Problem >> Once the line containing "Demux : Demux" is found in the entries below, reproduce it and every line after it, stopping at and including the line containing "Gravity : Subsystem"; reproduce nothing else, and keep each line exact.

Records from a data source >>
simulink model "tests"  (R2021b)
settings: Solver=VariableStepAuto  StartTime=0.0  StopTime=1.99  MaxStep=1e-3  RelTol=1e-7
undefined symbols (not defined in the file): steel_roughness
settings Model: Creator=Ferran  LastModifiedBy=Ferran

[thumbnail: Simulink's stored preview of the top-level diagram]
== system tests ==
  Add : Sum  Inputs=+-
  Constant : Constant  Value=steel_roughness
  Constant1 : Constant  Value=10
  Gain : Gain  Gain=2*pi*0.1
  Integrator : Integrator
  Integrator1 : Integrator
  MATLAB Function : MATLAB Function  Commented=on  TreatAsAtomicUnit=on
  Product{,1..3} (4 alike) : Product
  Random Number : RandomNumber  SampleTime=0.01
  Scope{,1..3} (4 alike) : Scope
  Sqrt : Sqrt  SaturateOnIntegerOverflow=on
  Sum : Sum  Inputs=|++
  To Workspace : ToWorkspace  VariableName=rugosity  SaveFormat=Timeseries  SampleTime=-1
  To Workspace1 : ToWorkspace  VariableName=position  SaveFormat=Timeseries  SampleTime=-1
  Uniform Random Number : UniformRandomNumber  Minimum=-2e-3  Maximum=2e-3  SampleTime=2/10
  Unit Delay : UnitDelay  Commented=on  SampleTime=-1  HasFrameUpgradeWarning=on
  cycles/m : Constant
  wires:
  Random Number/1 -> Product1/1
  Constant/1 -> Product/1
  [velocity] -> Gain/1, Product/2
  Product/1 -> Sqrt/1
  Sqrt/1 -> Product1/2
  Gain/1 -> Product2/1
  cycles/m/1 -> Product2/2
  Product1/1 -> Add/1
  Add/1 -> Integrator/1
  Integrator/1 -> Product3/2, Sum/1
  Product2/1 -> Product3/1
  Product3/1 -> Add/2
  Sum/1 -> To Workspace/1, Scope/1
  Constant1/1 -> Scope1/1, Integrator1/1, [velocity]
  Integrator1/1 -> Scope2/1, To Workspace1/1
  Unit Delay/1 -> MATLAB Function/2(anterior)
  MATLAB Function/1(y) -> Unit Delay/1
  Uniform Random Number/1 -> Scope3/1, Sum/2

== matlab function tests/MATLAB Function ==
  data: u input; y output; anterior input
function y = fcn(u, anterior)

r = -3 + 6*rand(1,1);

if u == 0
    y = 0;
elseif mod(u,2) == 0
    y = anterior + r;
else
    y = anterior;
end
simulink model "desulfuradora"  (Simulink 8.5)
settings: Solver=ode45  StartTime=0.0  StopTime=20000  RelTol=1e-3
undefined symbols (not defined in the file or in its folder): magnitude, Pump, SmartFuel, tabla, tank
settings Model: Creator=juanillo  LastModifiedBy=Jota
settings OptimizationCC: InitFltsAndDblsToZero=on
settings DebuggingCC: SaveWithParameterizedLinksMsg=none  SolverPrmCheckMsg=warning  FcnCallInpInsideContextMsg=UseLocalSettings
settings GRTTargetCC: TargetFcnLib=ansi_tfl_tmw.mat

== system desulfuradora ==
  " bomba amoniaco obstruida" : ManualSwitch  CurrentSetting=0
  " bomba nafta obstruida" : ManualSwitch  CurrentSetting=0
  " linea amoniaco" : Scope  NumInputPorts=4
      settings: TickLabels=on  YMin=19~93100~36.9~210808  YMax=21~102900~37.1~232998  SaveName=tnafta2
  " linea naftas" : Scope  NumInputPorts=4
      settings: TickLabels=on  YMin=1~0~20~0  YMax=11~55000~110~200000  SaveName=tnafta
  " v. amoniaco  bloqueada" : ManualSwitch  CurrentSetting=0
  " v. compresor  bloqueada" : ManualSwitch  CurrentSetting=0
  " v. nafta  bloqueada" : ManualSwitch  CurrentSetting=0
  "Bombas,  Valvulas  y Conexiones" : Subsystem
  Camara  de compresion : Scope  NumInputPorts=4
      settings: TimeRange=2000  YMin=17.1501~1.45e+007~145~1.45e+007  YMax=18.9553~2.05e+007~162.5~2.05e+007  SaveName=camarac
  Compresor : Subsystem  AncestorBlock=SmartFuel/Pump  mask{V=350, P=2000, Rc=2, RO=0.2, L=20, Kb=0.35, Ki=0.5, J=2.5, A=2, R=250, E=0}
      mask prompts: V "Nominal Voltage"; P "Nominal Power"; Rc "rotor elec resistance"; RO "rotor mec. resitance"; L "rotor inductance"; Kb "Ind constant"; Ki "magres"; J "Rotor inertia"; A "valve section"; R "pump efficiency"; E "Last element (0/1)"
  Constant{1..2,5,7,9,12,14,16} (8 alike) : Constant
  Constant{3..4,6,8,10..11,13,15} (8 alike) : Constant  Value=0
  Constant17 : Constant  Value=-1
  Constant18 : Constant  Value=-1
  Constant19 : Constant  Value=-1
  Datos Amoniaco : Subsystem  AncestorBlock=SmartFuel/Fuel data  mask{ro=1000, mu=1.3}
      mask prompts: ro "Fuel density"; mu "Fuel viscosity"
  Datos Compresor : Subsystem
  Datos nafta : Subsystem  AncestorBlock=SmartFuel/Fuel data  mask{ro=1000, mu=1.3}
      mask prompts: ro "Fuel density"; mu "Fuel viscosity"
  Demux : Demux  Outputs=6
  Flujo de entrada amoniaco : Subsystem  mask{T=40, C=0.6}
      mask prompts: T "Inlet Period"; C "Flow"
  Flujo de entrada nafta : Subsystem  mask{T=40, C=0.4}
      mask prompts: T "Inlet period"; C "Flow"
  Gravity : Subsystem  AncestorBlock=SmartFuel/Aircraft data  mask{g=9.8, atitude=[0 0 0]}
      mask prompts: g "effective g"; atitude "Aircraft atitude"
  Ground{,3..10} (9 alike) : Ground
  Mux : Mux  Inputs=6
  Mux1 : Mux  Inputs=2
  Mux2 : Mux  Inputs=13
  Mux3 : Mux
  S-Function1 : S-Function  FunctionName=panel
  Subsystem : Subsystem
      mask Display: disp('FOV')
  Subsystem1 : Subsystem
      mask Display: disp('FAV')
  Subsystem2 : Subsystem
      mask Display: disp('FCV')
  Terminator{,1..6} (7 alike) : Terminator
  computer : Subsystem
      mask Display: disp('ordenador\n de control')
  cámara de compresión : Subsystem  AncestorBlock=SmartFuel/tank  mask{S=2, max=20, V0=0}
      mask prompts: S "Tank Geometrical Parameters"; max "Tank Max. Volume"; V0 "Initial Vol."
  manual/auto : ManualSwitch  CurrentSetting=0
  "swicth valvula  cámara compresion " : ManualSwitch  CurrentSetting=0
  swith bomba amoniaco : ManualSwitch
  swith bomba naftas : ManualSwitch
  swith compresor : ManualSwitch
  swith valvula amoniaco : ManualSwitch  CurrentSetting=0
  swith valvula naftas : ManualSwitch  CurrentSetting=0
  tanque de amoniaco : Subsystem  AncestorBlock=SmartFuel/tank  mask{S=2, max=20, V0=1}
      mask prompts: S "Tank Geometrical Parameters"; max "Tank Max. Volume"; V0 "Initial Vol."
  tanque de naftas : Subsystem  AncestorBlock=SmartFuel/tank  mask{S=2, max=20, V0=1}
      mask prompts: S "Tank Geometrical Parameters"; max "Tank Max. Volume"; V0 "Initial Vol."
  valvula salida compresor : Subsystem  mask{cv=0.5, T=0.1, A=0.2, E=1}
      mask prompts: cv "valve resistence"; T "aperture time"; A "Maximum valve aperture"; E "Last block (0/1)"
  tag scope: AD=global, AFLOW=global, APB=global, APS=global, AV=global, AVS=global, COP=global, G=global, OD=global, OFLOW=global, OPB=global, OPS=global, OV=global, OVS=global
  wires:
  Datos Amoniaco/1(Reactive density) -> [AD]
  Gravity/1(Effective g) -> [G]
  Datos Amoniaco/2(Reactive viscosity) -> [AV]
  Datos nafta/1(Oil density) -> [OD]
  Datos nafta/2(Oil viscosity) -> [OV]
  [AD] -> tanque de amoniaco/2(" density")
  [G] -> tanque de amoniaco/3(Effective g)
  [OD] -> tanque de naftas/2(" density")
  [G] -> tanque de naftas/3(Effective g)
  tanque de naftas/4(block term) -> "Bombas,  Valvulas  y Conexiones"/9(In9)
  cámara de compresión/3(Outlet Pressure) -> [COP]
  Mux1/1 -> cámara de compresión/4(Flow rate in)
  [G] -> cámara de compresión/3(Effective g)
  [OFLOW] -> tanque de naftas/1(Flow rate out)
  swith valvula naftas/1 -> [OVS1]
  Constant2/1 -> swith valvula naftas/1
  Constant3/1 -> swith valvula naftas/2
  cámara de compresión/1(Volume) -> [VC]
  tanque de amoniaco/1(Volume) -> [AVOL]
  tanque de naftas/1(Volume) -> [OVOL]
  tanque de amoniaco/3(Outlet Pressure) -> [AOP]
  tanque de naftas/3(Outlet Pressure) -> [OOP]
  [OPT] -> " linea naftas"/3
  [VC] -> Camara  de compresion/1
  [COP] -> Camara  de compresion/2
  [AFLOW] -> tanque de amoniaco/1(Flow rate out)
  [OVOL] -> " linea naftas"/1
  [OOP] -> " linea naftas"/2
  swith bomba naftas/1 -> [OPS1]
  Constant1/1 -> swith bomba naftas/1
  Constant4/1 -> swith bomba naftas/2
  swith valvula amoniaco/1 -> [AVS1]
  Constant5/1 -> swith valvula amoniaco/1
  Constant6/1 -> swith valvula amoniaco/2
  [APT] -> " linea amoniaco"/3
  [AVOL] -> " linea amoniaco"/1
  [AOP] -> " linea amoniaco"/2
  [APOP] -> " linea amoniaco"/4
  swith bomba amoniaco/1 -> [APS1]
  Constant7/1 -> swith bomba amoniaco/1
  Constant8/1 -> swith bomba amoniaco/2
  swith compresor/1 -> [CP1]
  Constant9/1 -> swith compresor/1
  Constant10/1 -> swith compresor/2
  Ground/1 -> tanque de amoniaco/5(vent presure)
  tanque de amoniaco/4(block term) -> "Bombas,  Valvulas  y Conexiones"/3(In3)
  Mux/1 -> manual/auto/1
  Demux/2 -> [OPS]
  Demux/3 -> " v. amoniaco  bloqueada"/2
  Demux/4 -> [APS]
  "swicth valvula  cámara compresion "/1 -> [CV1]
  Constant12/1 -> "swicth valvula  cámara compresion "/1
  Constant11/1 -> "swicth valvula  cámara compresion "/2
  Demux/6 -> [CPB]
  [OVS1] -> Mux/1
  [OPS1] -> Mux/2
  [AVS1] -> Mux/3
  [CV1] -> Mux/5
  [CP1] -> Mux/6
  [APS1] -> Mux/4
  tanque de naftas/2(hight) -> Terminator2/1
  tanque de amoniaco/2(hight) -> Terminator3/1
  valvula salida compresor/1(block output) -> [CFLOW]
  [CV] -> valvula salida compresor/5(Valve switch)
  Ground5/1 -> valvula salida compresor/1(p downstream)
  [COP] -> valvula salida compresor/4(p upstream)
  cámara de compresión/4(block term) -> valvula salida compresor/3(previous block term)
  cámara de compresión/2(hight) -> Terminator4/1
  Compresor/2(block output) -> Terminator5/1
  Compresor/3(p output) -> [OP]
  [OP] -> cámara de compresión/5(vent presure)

Result >>
  Demux : Demux  Outputs=6
  Flujo de entrada amoniaco : Subsystem  mask{T=40, C=0.6}
      mask prompts: T "Inlet Period"; C "Flow"
  Flujo de entrada nafta : Subsystem  mask{T=40, C=0.4}
      mask prompts: T "Inlet period"; C "Flow"
  Gravity : Subsystem  AncestorBlock=SmartFuel/Aircraft data  mask{g=9.8, atitude=[0 0 0]}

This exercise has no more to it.